* **Exercise instructions**
Check each line of the records below for the word "against" and copy those where it appears.
-- Source material follows --
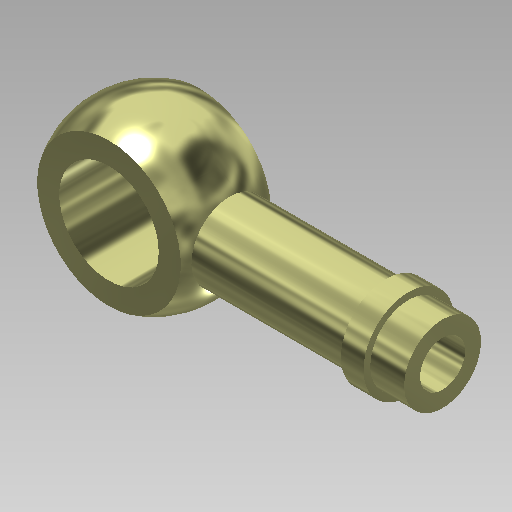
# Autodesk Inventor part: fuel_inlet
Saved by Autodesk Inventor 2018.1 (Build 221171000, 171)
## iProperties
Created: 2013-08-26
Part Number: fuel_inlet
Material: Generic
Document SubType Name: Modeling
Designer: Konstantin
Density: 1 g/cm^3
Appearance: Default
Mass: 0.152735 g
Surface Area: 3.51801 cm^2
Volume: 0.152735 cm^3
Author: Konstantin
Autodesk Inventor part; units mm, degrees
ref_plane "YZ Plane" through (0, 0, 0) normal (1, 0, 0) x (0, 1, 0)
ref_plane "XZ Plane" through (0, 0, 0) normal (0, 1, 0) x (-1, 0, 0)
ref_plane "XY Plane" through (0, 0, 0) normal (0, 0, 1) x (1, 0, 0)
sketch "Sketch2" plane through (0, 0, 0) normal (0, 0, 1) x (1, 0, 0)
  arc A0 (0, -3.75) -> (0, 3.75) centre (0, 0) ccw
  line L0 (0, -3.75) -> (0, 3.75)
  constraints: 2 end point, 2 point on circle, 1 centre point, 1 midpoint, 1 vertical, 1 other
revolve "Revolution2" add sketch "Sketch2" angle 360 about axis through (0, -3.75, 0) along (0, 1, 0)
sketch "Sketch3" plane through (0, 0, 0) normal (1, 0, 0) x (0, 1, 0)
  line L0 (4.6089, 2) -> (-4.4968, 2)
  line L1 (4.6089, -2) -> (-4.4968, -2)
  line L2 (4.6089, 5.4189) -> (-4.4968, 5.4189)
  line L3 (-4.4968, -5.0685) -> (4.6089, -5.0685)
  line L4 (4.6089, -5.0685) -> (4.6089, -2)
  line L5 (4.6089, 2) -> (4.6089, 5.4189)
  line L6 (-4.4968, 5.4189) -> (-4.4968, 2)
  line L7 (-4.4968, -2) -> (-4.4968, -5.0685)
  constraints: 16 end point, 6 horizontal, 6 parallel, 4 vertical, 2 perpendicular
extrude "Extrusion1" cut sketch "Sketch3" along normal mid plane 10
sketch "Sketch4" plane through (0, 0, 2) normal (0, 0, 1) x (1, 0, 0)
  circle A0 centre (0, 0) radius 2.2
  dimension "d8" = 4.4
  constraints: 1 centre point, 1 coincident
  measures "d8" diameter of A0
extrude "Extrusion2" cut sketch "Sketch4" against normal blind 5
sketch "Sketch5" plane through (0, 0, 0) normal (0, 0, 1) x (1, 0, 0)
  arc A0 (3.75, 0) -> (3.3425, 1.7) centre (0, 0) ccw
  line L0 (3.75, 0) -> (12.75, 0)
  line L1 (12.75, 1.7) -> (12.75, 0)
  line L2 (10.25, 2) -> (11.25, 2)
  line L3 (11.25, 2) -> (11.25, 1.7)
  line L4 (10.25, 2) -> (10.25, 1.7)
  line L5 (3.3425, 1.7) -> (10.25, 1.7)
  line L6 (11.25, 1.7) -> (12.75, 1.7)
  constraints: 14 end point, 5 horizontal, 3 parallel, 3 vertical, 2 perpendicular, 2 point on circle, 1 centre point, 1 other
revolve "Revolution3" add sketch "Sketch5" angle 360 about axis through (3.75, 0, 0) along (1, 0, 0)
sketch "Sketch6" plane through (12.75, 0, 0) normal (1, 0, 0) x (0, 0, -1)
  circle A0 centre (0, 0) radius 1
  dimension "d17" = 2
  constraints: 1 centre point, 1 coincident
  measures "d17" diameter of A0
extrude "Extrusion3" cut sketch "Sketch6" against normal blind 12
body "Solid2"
-- Source material concluded --
* **Written response**
extrude "Extrusion2" cut sketch "Sketch4" against normal blind 5
extrude "Extrusion3" cut sketch "Sketch6" against normal blind 12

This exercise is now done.